There are a number of similar entries.  After completely removing references to the offline server from Active Directory and DNS, things worked without problems:

[2007/06/13 13:44:56, 4] libsmb/namequery_dc.c:ads_dc_name(43)
  ads_dc_name: domain=UIECORP
[2007/06/13 13:44:56, 6] libads/ldap.c:ads_find_dc(217)
  ads_find_dc: looking for realm 'CORP.UIEVOLUTION.COM'
[2007/06/13 13:44:56, 5] libsmb/namecache.c:namecache_fetch(201)
  name corp.uievolution.com#20 found.
[2007/06/13 13:44:56, 4] libsmb/namequery.c:get_dc_list(1406)
  get_dc_list: returning 1 ip addresses in an ordered list
[2007/06/13 13:44:56, 4] libsmb/namequery.c:get_dc_list(1407)
  get_dc_list: 10.111.0.50:389 
[2007/06/13 13:44:56, 5] libads/ldap.c:ads_try_connect(126)
  ads_try_connect: trying ldap server '10.111.0.50' port 389
[2007/06/13 13:44:56, 3] libads/ldap.c:ads_connect(288)
  Connected to LDAP server 10.111.0.50
[2007/06/13 13:44:56, 3] libads/ldap.c:ads_server_info(2542)
  got ldap server name cwseadss001@CORP.UIEVOLUTION.COM, using bind path: dc=COR
P,dc=UIEVOLUTION,dc=COM
[2007/06/13 13:44:56, 4] libads/ldap.c:ads_server_info(2548)
  time offset is 0 seconds

I don't know how samba obtains the initial address to query (DNS, I expect), but I'm pretty certain it should gracefully fail over to another DC when the first DC ends up being unavailable.
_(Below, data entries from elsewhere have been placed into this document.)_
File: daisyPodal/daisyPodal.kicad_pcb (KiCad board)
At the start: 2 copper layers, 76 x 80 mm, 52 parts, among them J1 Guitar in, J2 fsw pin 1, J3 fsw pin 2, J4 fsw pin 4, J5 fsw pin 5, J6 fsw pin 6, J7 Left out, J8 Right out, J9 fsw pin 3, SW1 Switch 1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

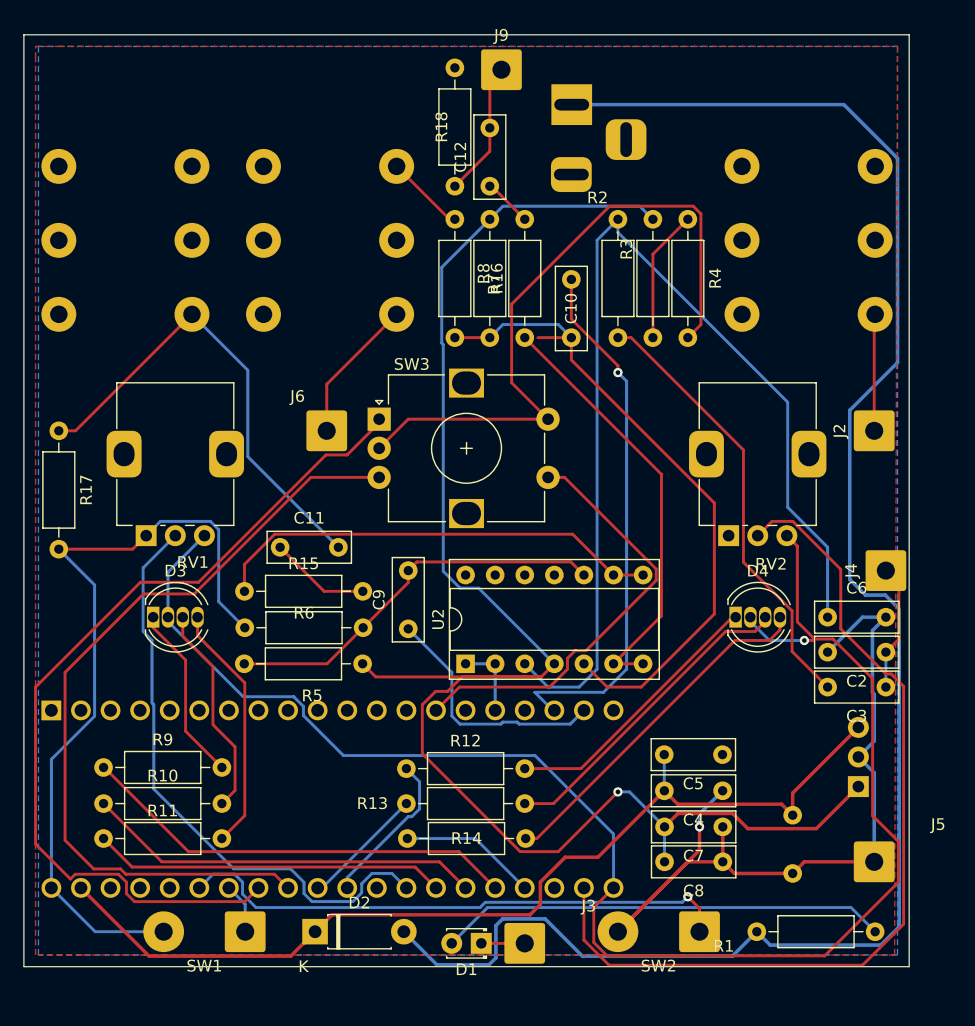
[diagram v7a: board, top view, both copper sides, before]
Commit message: Fix input buffer circuit and re-jig PCB
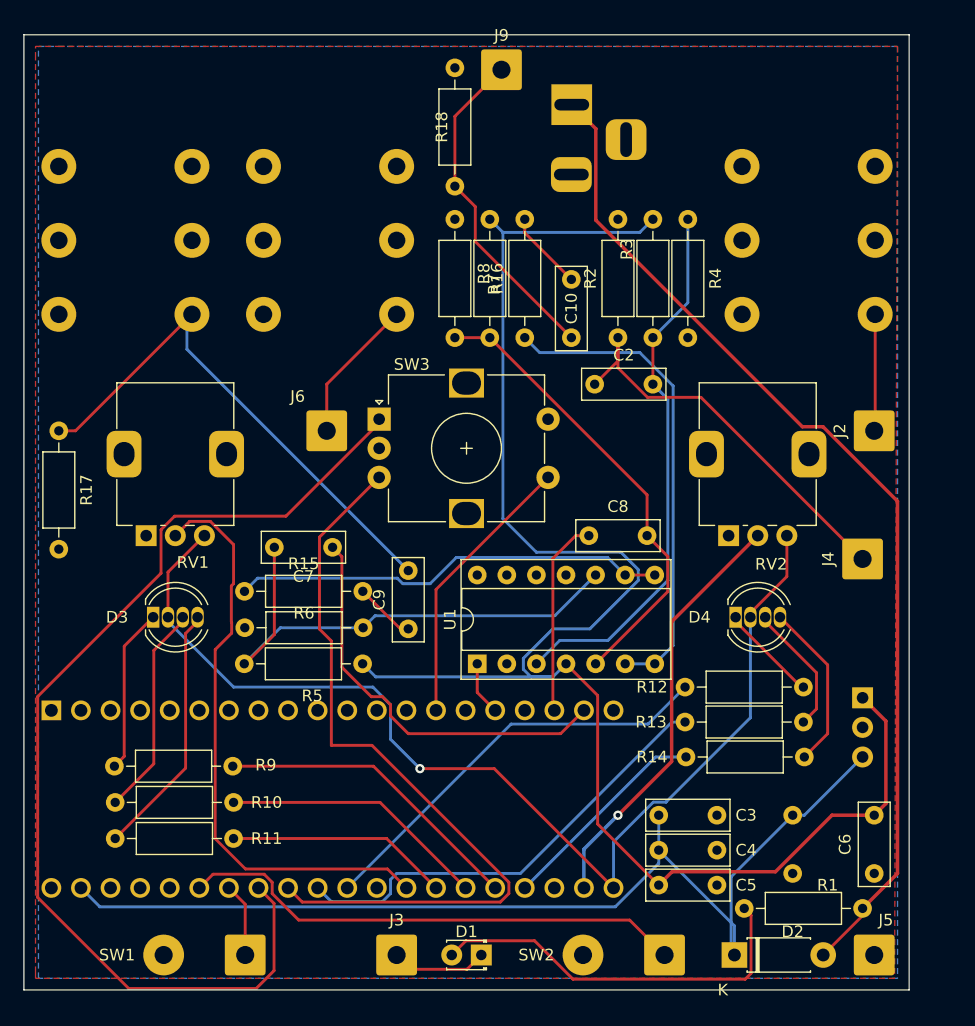
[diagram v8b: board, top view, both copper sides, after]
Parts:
- removed C11, C12: 1u, Capacitor_THT:C_Rect_L7.0mm_W2.5mm_P5.00mm
- C2: value 100p -> 1u
- C3: value 1u -> 100n
- C6: value 1n -> 100n
- C7, C8: value 100n -> 1u
- R2: value 1k -> 1M
- U1: value L78L05_TO92 -> TL074; footprint Package_TO_SOT_THT:TO-92_Inline_Wide_78L05_dc -> Package_DIP:DIP-14_W7.62mm_Socket; moved to F.Cu
- U2: value TL074 -> L78L05_TO92; footprint Package_DIP:DIP-14_W7.62mm_Socket -> Package_TO_SOT_THT:TO-92_Inline_Wide_78L05_dc; moved to B.Cu
- moved C7 41.2 mm to (125.5, 96.0)
- moved D2 36.1 mm to (160.0, 131.0)
- moved U1 34.4 mm to (137.9, 106.0)
- moved U2 34.2 mm to (171.0, 108.9), turned to -90 degrees
- moved C2 34.0 mm to (148.0, 82.0), turned to 0 degrees
- moved C8 30.3 mm to (147.5, 95.0), turned to 0 degrees
- moved R14 24.9 mm to (155.8, 114.0)
- moved R12 24.9 mm to (155.8, 108.0)
- moved R13 24.9 mm to (155.8, 111.0)
- moved C6 22.4 mm to (172.0, 124.0), turned to 90 degrees
- moved C3 18.2 mm to (158.5, 119.0)
- moved C5 11.2 mm to (158.5, 125.0)
- moved R10 11.2 mm to (117.0, 117.9), turned to 180 degrees
- moved R11 11.2 mm to (117.0, 121.0), turned to 180 degrees
- moved R9 11.1 mm to (116.9, 114.8), turned to 180 degrees
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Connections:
- C10 pad 1: /Left out -> Net-(C10-Pad1)
- C10 pad 2: Net-(U2B-+) -> Net-(J9-Pin_1)
- C2 pad 2: GND -> Net-(U1A-+)
- C3 pad 1: Net-(J4-Pin_1) -> GND
- C3 pad 2: Net-(C3-Pad2) -> /VCC
- C5 pad 2: /VCC -> +5V
- C6 pad 1: Net-(U2A-+) -> GND
- C6 pad 2: GND -> +5V
- C7 pad 1: GND -> /Right out
- C7 pad 2: +5V -> Net-(U1C-+)
- C8 pad 1: GND -> /Left out
- C8 pad 2: +5V -> Net-(U1B-+)
- C9 pad 1: /Right out -> Net-(C9-Pad1)
- C9 pad 2: Net-(U2C-+) -> Net-(C9-Pad2)
- J8 pad T: Net-(C11-Pad2) -> Net-(C9-Pad2)
- R15 pad 1: Net-(U2C--) -> Net-(U1C--)
- R15 pad 2: Net-(C11-Pad1) -> Net-(C9-Pad1)
- R16 pad 1: Net-(U2B--) -> Net-(U1B--)
- R16 pad 2: Net-(C12-Pad1) -> Net-(C10-Pad1)
- R17 pad 1: Net-(C11-Pad2) -> Net-(C9-Pad2)
- R2 pad 1: Net-(C3-Pad2) -> Net-(J4-Pin_1)
- R2 pad 2: Net-(U2A-+) -> GND
- R3 pad 2: Net-(R3-Pad2) -> Net-(U1A-+)
- R4 pad 1: Net-(R3-Pad2) -> Net-(U1A-+)
- R5 pad 2: Net-(U2C-+) -> Net-(U1C-+)
- R6 pad 1: Net-(U2C-+) -> Net-(U1C-+)
- R7 pad 2: Net-(U2B-+) -> Net-(U1B-+)
- R8 pad 1: Net-(U2B-+) -> Net-(U1B-+)
- U1 pad 1: +5V -> /Left in
- U1 pad 2: GND -> unconnected-(U1A---Pad2)
- U1 pad 3: /VCC -> Net-(U1A-+)
- U2 pad 1: /Left in -> +5V
- U2 pad 2: /Left in -> GND
- U2 pad 3: Net-(U2A-+) -> /VCC
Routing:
- net GND: track 205.4 -> 0.00 mm, vias 1 -> 0
- net Net-(U2A-+): track 88.7 -> 0.00 mm
- net Net-(BT1-+): track 150.6 -> 88.3 mm
- net Net-(U2B-+): track 57.2 -> 0.00 mm
- net Net-(U1A-+): track 0.00 -> 47.2 mm
- net Net-(C9-Pad2): track 0.00 -> 45.9 mm
- net Net-(U1C-+): track 0.00 -> 44.4 mm
- net Net-(U1B--): track 0.00 -> 41.5 mm
- net Net-(C11-Pad2): track 40.8 -> 0.00 mm
- net /3v3: track 135.4 -> 95.2 mm
- net Net-(A1-ADC_0): track 76.6 -> 36.4 mm, vias 0 -> 1
- net Net-(U1B-+): track 0.00 -> 39.9 mm
- net Net-(U2C--): track 39.1 -> 0.00 mm
- net Net-(C3-Pad2): track 38.1 -> 0.00 mm
- net Net-(U1C--): track 0.00 -> 37.4 mm
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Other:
- board size 76 x 80 mm -> 76 x 82 mm
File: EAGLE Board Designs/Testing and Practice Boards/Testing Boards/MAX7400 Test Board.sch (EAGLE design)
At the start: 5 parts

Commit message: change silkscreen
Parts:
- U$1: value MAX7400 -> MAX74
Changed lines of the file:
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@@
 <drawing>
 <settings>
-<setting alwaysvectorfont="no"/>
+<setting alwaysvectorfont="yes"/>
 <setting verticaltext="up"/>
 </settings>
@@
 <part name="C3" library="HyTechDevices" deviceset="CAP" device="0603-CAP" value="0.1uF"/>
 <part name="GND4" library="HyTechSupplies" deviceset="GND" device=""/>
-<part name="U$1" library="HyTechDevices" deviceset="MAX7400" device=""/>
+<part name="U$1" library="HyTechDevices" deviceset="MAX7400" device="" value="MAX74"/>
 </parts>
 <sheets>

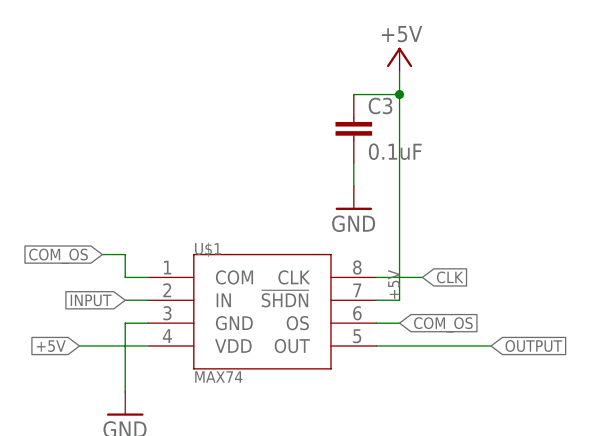
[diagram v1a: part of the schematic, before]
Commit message: Silkscreen changes
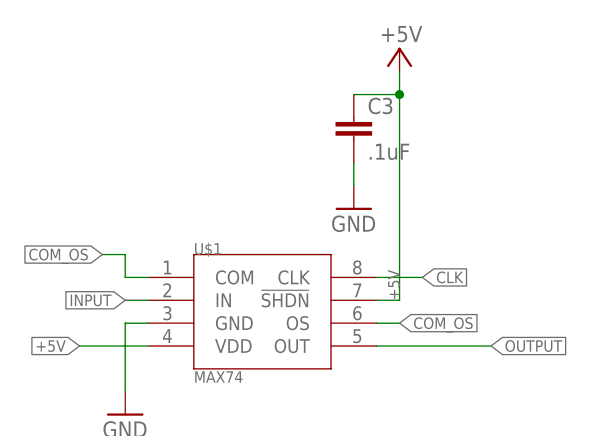
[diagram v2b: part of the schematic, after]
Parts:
- C3: value 0.1uF -> .1uF
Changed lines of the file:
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@@
 <drawing>
 <settings>
-<setting alwaysvectorfont="yes"/>
+<setting alwaysvectorfont="no"/>
 <setting verticaltext="up"/>
 </settings>
@@
 <part name="C2" library="HyTechDevices" deviceset="CAP" device="0603-CAP" value="0.1uF"/>
 <part name="GND3" library="HyTechSupplies" deviceset="GND" device=""/>
-<part name="C3" library="HyTechDevices" deviceset="CAP" device="0603-CAP" value="0.1uF"/>
+<part name="C3" library="HyTechDevices" deviceset="CAP" device="0603-CAP" value=".1uF"/>
 <part name="GND4" library="HyTechSupplies" deviceset="GND" device=""/>
 <part name="U$1" library="HyTechDevices" deviceset="MAX7400" device="" value="MAX74"/>
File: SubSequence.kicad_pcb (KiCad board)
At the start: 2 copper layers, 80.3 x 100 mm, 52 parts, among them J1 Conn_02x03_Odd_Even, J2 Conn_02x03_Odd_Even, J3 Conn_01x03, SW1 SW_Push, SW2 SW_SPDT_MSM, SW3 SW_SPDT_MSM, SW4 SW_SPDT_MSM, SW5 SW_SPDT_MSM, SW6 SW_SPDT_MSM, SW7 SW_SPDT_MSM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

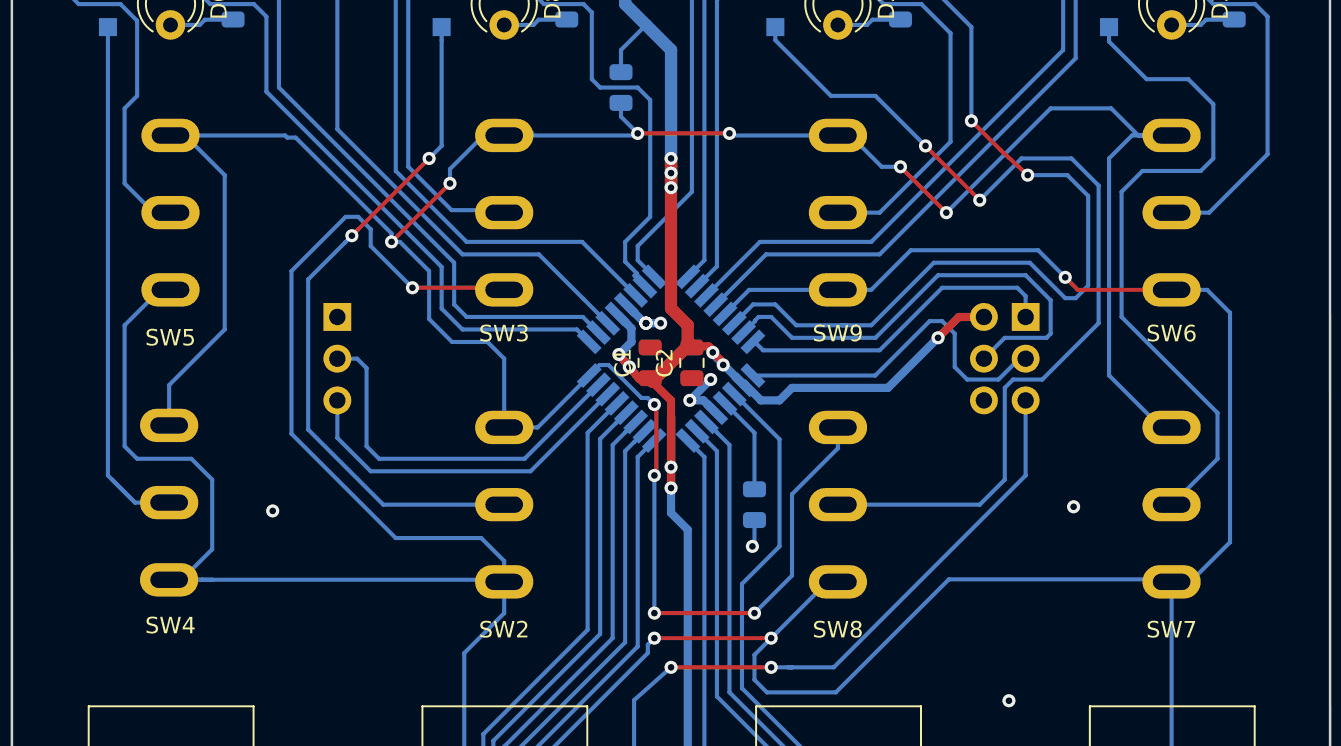
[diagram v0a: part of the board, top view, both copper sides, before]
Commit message: Initial revision B of board, now using PCB mounted SPDT.
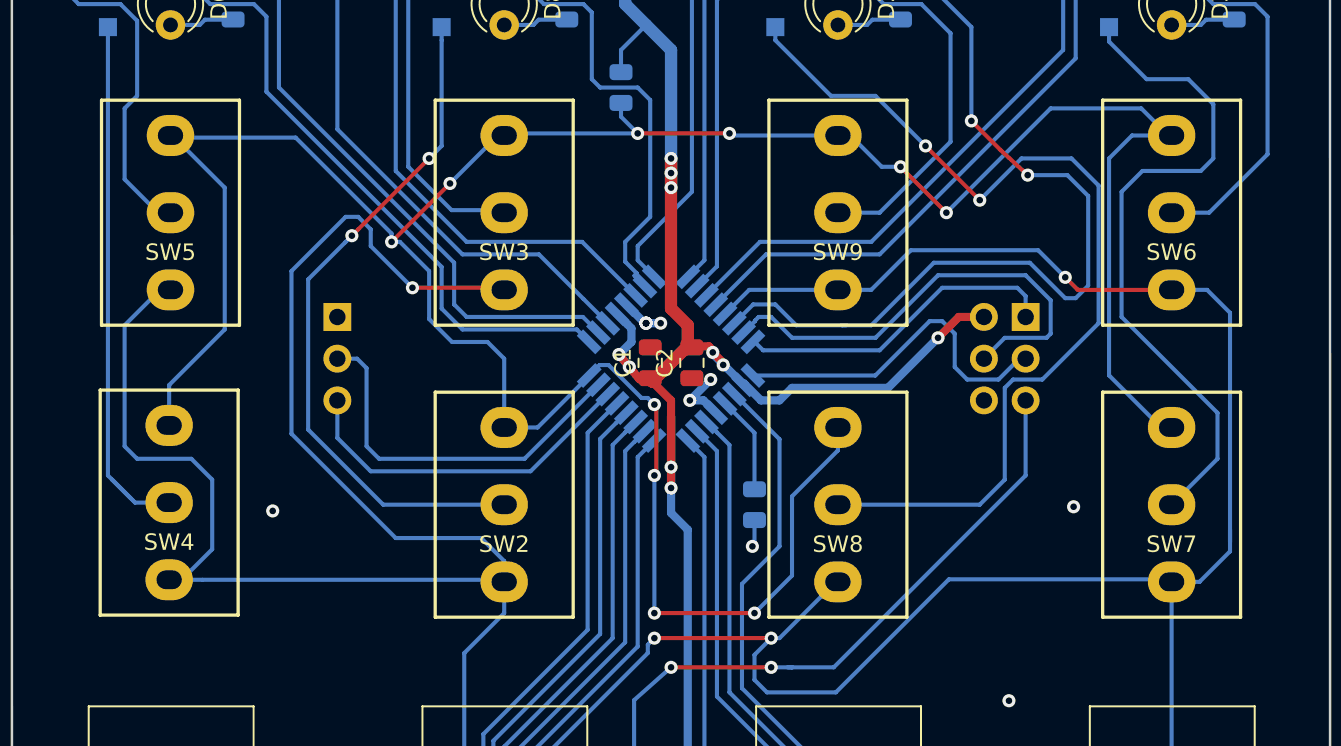
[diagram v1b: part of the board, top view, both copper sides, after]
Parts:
- SW2, SW3, SW4, SW5, SW6, SW7, SW8, SW9: footprint Local:SP1MS1 -> Local:SPDT
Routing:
- net /MCU328/PD2: track 180.8 -> 178.1 mm
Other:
- board text added: "Marangisto 2018"
- board text added: "Rev B"
- board text removed: "Rev A"
- board text removed: "© Marangisto 2018"

Normally, I would crank the logging up to 10 and give full log sessions of both the working and failing DC configurations, but as this is a production environment, I don't have that luxury now that it's working once again.  However, here are the steps to reproduce:

* set up two windows 2000 domain controllers for a single domain
* set up samba with a similar config to the above
* check the samba logs to determine which DC it attempts to obtain the dc list from
* turn that DC off without demoting it first
Comment 1 Jeremy Allison 2007-06-13 16:39:08 UTC
We have put a lot of work into this in 3.0.25. May I suggest you try this release and see if you get the same problems ?

Thanks,

Jeremy.
Comment 2 Gerald (Jerry) Carter (dead mail address) 2007-06-13 16:42:09 UTC
and don't use "password server", let alone point it at a domain name.